Provided data:
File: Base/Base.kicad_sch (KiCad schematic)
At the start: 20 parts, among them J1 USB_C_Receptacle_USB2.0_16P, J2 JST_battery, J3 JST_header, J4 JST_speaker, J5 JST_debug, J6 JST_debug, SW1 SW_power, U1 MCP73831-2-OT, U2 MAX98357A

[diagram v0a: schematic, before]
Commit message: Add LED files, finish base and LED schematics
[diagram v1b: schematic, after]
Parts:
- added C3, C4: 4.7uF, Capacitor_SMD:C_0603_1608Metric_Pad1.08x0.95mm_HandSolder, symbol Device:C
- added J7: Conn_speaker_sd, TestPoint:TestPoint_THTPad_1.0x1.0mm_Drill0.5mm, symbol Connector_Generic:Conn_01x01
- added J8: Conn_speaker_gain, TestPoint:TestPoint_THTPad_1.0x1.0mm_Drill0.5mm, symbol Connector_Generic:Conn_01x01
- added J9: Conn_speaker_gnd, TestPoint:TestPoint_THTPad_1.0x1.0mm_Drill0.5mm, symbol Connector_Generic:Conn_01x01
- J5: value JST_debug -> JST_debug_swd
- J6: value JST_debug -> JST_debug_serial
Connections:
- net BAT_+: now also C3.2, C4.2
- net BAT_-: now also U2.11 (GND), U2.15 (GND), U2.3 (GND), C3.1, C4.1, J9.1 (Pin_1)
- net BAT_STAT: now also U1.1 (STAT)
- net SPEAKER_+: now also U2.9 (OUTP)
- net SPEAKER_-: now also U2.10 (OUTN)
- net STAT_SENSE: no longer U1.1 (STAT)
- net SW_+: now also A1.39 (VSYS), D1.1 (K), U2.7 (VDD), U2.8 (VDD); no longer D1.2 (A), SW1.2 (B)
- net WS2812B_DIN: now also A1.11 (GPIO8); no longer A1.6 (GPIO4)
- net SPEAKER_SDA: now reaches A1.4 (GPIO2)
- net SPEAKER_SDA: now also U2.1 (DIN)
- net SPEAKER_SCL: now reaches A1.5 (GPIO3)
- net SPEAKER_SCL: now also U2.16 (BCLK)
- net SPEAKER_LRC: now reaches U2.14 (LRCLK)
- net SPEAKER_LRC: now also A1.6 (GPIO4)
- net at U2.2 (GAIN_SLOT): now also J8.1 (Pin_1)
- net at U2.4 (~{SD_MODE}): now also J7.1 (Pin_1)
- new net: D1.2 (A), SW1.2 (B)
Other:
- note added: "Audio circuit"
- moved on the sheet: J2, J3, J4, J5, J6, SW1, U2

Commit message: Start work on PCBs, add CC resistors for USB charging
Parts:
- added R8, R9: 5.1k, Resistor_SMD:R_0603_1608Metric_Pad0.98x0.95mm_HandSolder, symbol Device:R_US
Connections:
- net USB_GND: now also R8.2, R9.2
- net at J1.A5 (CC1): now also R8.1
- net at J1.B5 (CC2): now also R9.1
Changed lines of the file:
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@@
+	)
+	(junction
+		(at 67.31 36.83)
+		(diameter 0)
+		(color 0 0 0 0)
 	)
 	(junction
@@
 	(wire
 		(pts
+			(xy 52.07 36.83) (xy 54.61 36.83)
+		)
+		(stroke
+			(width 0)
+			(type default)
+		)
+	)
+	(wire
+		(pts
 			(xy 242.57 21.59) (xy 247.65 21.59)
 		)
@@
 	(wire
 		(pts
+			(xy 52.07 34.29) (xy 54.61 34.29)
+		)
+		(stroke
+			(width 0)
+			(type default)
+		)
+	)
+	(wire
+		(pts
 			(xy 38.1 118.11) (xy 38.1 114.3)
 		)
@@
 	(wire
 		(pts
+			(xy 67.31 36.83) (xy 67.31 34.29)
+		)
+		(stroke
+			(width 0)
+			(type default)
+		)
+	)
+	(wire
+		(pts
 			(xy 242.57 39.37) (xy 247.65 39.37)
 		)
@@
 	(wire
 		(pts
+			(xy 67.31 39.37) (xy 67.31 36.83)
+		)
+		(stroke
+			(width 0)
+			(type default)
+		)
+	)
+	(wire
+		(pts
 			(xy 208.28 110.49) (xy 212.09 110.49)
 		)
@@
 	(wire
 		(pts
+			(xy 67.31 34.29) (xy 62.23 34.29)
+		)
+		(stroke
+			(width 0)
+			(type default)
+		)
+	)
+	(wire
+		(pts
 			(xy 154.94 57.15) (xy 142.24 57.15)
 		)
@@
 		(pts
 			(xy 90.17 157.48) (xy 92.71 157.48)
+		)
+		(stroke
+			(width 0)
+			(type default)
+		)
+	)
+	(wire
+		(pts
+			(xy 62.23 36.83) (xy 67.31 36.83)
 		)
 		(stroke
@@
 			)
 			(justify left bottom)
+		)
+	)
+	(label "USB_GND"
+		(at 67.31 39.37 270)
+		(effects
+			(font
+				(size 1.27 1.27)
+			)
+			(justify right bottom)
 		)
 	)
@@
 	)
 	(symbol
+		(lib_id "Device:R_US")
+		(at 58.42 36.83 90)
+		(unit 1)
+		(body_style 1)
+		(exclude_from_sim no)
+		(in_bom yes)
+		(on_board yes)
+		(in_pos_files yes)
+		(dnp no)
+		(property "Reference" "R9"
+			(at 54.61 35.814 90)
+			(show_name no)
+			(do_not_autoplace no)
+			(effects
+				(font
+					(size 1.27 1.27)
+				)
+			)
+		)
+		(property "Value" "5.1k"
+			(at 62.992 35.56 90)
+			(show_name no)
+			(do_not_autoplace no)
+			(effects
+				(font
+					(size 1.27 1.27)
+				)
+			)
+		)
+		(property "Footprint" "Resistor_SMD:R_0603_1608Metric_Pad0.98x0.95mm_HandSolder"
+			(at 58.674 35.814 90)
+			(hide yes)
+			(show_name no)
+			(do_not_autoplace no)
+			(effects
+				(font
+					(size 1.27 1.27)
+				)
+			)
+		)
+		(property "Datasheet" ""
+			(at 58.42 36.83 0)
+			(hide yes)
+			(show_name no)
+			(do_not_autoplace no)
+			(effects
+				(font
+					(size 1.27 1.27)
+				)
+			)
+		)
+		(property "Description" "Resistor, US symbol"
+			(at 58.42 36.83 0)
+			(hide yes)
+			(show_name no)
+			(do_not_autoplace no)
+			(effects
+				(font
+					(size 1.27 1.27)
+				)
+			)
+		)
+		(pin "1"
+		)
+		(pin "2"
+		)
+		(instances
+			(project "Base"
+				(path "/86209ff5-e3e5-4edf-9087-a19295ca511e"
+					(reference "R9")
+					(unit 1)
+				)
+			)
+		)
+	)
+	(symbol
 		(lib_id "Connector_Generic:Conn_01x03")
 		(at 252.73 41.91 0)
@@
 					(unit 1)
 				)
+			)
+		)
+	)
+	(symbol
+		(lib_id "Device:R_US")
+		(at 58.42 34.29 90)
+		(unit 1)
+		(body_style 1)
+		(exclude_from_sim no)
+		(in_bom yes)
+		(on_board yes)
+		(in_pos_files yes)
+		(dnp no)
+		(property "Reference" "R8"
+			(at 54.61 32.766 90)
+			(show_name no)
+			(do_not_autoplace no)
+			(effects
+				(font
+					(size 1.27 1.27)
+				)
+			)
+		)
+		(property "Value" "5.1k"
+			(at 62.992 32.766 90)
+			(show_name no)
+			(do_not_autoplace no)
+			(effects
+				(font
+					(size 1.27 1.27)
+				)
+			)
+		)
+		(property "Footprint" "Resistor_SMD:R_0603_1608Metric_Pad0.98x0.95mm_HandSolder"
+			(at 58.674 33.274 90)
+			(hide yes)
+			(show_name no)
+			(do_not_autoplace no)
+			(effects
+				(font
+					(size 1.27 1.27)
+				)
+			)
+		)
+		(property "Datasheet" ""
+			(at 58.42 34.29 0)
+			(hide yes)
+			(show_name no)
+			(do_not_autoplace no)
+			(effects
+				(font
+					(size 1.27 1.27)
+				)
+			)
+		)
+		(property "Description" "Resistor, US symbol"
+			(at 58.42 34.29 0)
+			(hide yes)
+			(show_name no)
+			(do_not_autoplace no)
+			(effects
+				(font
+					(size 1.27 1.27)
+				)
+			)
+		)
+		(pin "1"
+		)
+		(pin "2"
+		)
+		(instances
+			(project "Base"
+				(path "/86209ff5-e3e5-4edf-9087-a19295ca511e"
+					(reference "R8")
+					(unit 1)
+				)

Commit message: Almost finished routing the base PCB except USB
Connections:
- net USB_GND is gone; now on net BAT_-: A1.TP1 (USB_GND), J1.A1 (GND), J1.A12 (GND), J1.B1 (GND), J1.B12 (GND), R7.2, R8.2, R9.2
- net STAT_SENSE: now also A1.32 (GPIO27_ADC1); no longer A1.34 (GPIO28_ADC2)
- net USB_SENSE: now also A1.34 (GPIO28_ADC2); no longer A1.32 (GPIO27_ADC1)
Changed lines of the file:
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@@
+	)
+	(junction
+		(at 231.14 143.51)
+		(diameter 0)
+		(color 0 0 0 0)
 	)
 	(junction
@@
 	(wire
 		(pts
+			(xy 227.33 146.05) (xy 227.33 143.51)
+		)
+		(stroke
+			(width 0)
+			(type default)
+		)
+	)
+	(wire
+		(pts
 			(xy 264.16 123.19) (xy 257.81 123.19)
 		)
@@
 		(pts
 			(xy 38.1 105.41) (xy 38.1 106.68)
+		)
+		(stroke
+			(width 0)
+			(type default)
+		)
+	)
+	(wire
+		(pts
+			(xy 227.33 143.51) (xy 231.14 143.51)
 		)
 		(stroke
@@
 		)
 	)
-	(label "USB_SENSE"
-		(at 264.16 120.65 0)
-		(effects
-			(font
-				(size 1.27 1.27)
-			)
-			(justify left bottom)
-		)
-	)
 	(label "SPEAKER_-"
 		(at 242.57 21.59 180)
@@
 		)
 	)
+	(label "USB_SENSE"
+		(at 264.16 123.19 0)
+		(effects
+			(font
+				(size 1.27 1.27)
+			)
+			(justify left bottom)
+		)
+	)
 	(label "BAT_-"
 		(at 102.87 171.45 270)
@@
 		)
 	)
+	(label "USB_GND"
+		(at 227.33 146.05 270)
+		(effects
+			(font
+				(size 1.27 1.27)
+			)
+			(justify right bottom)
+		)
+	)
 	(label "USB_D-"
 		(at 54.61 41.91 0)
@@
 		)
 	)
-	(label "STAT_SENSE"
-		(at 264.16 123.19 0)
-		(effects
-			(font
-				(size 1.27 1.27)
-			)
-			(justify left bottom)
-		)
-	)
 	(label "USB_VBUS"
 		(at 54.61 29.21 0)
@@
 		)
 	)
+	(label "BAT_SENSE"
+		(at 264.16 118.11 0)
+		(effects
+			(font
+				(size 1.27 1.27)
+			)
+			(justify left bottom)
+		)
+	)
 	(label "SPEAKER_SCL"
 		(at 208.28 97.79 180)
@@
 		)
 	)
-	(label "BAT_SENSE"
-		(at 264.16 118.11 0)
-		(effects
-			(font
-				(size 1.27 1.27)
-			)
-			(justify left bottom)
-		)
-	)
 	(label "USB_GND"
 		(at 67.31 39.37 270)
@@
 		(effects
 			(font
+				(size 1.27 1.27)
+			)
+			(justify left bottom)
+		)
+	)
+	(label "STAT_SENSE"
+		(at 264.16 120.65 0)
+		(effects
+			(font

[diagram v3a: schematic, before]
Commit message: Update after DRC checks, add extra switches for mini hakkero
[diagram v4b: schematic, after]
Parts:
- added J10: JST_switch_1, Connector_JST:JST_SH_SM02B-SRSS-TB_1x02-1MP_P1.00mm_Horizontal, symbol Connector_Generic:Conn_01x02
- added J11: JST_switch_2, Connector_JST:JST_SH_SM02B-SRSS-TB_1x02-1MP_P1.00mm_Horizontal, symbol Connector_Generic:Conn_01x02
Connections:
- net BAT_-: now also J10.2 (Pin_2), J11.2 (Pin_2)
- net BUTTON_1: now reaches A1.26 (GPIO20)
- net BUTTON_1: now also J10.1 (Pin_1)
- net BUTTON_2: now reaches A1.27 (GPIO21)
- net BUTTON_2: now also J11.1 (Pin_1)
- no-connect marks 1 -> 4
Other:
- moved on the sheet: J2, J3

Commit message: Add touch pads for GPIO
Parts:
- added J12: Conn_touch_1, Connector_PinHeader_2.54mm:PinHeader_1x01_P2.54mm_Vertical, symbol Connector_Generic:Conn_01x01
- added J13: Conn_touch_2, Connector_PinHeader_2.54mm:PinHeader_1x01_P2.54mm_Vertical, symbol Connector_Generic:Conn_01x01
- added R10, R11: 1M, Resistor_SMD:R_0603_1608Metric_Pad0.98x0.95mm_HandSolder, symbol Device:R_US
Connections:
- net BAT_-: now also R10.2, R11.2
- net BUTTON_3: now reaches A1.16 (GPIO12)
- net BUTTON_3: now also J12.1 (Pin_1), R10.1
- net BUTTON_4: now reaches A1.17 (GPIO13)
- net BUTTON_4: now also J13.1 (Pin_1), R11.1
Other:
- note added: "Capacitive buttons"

About this task:
"- net BUTTON_1: now reaches A1.26 (GPIO20)" marks the first line to print; reproduce that line and every line after it through the end of the listing above.

Response to the task:
- net BUTTON_1: now reaches A1.26 (GPIO20)
- net BUTTON_1: now also J10.1 (Pin_1)
- net BUTTON_2: now reaches A1.27 (GPIO21)
- net BUTTON_2: now also J11.1 (Pin_1)
- no-connect marks 1 -> 4
Other:
- moved on the sheet: J2, J3

Commit message: Add touch pads for GPIO
Parts:
- added J12: Conn_touch_1, Connector_PinHeader_2.54mm:PinHeader_1x01_P2.54mm_Vertical, symbol Connector_Generic:Conn_01x01
- added J13: Conn_touch_2, Connector_PinHeader_2.54mm:PinHeader_1x01_P2.54mm_Vertical, symbol Connector_Generic:Conn_01x01
- added R10, R11: 1M, Resistor_SMD:R_0603_1608Metric_Pad0.98x0.95mm_HandSolder, symbol Device:R_US
Connections:
- net BAT_-: now also R10.2, R11.2
- net BUTTON_3: now reaches A1.16 (GPIO12)
- net BUTTON_3: now also J12.1 (Pin_1), R10.1
- net BUTTON_4: now reaches A1.17 (GPIO13)
- net BUTTON_4: now also J13.1 (Pin_1), R11.1
Other:
- note added: "Capacitive buttons"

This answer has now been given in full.